BALB/c mice were sensitized to ovalbumin (OVA) and then challenged with 1% OVA aerosol or filtered air six times over a 2-week period. Mice were injected daily with FTI-277 (20 mg/kg/day, i.p.) before each OVA aerosol exposure. To assess for inflammation and drug effect, we quantified total and differential inflammatory cell counts and chemokines/cytokines in BALF, assessed histopathology and Inflammation Grade by H&E staining, and measured total- and phosphorylated STAT6 in whole lung homogenate by Western blot.

(A) In OVA-exposed mice, treatment with FTI-277 did not significantly increase BALF total live cell count (p=NS by 1-way ANOVA). However, measured as BALF total inflammatory cells/per 10 hpf, FTI-277 treatment of OVA-exposed mice increased inflammatory cell influx by 1.72-fold with (*p<0.05, by 1-way ANOVA). Treatment with FTI-277 had no detectible pro-inflammatory effects in any of the FA control groups.

(B) Treatment with FTI-277 increased BALF absolute eosinophil count by 2.58-fold, (OVA+PBS vs. OVA+FTI, *p<0.01 by 1-way ANOVA).

(C) H&E stained lung sections indicate that treatment with FTI-277 augmented peribronchial and perivascular inflammation in the OVA-exposed mice.

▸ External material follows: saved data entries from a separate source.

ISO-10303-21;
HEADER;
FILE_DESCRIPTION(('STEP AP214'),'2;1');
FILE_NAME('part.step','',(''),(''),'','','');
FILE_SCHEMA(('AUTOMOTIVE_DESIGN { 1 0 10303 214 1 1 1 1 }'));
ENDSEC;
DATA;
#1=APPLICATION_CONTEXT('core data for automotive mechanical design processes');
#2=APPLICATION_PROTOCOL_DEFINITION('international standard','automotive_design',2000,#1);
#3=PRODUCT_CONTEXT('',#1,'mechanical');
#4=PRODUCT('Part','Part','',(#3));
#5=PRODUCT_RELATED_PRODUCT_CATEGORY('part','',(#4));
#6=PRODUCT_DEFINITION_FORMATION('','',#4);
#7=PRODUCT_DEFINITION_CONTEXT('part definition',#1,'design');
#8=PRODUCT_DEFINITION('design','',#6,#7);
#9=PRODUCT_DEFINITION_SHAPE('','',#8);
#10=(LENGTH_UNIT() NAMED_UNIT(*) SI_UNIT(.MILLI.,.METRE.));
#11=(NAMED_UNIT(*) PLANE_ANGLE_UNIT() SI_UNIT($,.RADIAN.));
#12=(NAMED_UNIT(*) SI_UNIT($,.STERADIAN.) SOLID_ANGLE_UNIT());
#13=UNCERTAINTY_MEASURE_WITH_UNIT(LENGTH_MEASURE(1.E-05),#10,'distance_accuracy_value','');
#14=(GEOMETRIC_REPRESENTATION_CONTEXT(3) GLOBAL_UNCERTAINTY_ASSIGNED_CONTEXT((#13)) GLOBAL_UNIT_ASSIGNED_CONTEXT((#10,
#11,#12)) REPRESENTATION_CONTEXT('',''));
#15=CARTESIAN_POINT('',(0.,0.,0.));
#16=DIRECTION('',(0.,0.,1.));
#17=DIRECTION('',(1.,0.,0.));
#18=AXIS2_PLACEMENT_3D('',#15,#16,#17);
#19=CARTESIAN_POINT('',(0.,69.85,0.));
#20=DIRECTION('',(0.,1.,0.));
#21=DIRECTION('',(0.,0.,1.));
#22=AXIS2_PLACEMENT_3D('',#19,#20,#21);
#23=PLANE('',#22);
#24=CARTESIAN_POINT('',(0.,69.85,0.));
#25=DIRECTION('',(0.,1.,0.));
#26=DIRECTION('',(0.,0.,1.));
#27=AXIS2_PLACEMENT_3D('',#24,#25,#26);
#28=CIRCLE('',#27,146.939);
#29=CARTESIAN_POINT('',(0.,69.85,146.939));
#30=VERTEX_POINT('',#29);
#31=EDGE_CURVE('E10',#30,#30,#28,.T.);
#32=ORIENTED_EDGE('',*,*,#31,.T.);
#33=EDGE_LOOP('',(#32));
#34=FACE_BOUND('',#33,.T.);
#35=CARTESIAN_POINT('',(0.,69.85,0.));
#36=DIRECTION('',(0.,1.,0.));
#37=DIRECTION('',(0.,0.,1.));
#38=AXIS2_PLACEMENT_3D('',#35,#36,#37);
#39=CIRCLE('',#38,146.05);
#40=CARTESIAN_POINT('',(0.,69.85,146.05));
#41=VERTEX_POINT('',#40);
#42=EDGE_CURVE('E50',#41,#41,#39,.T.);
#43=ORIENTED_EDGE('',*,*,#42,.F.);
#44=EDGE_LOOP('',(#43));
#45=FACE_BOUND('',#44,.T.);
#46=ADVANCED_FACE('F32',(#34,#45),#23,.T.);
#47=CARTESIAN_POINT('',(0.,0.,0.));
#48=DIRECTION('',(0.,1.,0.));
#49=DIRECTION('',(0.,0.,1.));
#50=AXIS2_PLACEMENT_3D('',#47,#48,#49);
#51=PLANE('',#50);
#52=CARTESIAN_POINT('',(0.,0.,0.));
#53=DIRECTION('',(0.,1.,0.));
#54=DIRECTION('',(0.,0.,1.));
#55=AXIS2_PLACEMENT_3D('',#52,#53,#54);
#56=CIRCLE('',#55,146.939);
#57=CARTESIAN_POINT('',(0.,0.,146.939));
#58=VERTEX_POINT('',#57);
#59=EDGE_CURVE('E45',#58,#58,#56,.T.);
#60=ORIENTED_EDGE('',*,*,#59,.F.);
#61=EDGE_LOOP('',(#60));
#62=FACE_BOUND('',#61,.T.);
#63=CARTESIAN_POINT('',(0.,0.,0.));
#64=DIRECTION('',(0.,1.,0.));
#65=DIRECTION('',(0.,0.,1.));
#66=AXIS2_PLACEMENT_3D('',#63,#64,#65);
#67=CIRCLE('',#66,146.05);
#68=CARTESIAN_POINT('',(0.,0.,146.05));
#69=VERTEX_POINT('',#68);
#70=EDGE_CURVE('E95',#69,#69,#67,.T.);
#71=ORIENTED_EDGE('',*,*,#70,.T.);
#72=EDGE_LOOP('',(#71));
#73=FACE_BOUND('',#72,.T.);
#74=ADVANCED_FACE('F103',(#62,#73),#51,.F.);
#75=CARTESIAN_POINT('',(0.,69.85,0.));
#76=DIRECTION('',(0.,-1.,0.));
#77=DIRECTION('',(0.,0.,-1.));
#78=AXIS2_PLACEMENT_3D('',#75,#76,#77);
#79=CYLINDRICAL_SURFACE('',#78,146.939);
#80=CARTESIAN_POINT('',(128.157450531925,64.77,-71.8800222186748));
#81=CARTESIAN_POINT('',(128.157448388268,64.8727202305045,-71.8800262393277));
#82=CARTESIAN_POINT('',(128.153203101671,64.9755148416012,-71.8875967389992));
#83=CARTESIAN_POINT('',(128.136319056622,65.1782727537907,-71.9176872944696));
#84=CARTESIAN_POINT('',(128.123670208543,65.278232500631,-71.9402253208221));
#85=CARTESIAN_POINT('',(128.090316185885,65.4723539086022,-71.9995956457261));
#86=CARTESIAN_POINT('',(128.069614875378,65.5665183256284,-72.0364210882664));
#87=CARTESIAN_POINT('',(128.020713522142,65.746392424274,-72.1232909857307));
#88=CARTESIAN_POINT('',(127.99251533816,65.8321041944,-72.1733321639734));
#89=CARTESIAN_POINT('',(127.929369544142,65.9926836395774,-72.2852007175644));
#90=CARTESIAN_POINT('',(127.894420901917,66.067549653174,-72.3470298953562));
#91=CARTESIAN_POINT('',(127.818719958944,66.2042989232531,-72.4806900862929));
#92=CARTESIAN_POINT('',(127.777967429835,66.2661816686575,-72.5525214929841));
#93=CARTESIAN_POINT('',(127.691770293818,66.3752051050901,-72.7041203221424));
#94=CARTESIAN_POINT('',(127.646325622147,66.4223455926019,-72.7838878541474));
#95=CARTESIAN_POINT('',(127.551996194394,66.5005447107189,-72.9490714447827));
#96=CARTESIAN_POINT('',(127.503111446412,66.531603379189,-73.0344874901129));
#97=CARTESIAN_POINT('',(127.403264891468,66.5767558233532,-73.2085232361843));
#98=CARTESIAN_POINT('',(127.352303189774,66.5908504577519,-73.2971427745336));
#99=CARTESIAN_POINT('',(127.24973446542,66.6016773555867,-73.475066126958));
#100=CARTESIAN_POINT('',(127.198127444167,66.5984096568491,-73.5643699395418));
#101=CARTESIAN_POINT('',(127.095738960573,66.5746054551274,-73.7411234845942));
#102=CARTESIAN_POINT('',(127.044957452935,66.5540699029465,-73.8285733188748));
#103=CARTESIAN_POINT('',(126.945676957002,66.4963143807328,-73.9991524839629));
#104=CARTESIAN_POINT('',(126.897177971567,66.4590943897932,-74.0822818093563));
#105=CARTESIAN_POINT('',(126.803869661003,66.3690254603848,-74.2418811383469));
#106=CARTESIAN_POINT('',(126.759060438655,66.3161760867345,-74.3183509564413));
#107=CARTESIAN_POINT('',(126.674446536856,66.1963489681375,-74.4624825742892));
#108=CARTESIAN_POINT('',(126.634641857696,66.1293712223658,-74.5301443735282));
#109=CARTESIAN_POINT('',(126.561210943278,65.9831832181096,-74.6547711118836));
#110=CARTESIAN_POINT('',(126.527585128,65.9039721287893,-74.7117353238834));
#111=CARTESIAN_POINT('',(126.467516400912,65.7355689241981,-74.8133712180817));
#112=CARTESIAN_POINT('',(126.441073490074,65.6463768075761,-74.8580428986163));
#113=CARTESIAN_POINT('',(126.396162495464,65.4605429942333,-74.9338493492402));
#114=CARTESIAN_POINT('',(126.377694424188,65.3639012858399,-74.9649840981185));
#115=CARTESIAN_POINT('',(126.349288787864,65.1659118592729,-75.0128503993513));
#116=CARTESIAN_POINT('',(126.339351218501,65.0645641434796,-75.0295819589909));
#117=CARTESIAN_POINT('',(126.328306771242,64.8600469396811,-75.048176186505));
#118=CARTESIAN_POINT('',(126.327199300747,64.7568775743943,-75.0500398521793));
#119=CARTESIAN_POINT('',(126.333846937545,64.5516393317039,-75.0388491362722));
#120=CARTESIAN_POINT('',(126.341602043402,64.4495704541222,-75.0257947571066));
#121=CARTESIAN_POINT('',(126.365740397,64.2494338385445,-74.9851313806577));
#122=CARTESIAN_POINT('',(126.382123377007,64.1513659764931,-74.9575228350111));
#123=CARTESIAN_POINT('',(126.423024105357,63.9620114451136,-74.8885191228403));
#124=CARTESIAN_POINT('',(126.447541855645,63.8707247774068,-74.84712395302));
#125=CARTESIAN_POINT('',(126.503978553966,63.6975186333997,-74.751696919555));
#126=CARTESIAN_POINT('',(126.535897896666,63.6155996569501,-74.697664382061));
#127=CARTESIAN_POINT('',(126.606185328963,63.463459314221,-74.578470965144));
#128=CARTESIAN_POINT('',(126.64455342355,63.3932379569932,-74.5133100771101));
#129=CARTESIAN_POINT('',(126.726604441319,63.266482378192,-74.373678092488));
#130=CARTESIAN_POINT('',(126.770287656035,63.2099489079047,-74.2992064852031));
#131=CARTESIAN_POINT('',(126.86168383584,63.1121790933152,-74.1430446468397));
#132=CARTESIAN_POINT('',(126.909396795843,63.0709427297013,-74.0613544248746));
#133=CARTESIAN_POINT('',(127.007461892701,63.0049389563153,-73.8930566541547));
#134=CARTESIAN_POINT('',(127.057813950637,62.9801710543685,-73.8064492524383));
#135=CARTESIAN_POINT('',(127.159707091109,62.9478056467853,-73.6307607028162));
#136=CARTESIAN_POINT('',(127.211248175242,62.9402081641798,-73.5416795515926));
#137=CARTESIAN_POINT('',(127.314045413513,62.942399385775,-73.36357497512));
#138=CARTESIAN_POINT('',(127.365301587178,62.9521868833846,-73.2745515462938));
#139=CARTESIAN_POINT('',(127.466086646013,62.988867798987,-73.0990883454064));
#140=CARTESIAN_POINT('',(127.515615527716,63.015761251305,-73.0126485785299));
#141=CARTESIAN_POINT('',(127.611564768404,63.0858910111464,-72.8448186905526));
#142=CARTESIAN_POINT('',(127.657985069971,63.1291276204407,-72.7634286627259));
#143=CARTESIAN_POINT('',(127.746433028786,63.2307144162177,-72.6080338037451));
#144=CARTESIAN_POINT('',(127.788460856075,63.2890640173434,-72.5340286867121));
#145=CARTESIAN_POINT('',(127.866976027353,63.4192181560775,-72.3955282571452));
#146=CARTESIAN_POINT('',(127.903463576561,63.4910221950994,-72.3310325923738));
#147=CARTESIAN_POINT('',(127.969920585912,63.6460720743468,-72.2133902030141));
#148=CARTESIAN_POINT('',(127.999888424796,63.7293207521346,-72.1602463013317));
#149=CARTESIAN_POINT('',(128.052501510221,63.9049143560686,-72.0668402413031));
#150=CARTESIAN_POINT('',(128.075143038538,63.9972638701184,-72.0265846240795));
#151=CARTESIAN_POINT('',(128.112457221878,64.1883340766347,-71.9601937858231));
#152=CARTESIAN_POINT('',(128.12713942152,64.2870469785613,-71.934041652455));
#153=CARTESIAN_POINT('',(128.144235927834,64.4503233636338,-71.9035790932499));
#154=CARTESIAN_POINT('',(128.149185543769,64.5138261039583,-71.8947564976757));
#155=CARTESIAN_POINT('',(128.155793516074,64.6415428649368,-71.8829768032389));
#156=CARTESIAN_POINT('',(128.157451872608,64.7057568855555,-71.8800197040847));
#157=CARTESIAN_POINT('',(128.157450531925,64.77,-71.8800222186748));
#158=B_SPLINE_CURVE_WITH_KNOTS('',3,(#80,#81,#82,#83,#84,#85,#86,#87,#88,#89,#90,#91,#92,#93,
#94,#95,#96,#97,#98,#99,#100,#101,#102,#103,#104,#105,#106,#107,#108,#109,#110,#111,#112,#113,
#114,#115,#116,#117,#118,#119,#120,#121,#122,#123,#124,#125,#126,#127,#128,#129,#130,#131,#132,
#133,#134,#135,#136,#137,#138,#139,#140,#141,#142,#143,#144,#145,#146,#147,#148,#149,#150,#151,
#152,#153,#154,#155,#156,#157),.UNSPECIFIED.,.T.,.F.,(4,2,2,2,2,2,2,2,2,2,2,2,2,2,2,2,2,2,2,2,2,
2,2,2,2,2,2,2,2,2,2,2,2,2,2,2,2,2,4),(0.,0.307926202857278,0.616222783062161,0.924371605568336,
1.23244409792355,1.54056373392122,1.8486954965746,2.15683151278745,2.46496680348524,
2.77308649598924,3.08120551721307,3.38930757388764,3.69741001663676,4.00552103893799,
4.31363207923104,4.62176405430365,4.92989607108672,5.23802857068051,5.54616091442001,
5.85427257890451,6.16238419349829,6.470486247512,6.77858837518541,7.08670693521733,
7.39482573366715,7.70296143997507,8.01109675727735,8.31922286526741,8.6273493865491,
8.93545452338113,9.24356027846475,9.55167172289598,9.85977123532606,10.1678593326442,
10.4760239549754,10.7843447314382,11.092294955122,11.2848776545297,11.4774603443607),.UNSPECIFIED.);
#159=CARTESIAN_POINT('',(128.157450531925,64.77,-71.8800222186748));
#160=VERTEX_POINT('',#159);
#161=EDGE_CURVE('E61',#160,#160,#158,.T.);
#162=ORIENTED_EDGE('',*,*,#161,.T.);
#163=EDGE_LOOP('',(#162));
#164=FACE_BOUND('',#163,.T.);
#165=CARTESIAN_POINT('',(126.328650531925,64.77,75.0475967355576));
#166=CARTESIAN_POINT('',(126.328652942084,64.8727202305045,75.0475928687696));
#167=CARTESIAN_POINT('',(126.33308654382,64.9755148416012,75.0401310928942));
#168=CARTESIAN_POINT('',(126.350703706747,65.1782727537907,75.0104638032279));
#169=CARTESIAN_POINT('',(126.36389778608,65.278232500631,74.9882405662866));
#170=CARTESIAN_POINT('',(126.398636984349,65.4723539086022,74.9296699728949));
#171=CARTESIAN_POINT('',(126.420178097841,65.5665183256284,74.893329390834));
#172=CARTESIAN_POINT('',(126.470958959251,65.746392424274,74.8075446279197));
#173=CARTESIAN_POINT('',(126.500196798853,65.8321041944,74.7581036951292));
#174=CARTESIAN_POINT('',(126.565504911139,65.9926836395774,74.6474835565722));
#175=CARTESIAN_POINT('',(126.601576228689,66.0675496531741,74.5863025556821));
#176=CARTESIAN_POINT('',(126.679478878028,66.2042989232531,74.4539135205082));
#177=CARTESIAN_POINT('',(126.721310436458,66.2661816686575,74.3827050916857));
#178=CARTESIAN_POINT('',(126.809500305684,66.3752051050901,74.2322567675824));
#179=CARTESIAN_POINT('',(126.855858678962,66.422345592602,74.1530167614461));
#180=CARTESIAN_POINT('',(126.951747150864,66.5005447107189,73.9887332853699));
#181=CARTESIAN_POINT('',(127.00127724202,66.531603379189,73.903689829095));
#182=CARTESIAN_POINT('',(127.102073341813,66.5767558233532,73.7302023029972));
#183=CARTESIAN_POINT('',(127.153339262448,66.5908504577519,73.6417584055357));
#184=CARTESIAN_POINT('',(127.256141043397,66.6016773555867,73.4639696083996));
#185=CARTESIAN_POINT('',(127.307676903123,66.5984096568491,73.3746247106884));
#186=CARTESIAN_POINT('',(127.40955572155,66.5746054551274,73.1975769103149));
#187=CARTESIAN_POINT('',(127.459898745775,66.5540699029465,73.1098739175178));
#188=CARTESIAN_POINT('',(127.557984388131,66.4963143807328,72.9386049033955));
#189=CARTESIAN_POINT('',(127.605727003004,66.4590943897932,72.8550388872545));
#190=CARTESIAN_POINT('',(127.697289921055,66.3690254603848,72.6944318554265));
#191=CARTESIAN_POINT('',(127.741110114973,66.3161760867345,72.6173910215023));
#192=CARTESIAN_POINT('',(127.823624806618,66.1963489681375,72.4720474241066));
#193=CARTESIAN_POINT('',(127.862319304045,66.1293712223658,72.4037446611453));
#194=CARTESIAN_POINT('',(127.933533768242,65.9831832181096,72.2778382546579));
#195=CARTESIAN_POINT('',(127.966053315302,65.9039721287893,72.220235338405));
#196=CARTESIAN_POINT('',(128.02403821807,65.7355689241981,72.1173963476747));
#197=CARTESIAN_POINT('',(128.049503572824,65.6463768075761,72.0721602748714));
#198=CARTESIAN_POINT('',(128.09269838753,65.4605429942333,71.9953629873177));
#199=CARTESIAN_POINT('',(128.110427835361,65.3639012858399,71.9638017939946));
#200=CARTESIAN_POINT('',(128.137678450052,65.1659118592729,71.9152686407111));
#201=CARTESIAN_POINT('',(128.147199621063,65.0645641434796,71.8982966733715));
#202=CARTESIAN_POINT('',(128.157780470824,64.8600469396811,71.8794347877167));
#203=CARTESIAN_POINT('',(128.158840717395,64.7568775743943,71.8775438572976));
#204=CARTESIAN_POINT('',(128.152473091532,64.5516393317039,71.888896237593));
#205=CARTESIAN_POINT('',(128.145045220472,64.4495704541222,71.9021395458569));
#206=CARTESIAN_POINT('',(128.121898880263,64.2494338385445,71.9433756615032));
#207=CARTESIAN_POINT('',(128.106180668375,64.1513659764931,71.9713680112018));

(D) Semi-quantification of the H&E sections corresponded to a 1.40-fold increase in the Inflammation Grade (*p<0.001, by 1-way ANOVA). There were no statistically significant effects of FTI-277 on Inflammation Grade in the FA-exposed control groups.

(E) In OVA-exposed mice, there was a significant increase in STAT6 phosphorylation as compared to FA controls. Treatment with FTI-277 further increased OVA-induced STAT6 phosphorylation by 1.55-fold, but this was not statistically significant (OVA+PBS vs. OVA+FTI, p=0.05, by 1-way ANOVA).

(F) Cytokines IL4 and IL13 induce phosphorylation of the transcription factor STAT6 which then activates the transcription of eotaxin. To assess this, we measured peptide levels of secreted IL4, IL13, and eotaxin in BALF. There were no statistically significant differences in BALF eotaxin levels (p=NS, by 1-way ANOVA) with FTI-277 treatment in either FA or OVA groups. The cytokine IL-4 was significantly induced in BALF upon OVA exposure (OVA+FTI vs. FA+FTI, p=0.0371 by 1-way ANOVA), however, there were no statistically significant differences in BALF IL-4 levels with FTI-277 treatment in either FA or OVA groups (p=NS, by 1-way ANOVA). There were no statistically significant differences in BALF IL-13 levels with FTI-277 treatment in either FA or OVA groups (p=NS, by 1-way ANOVA).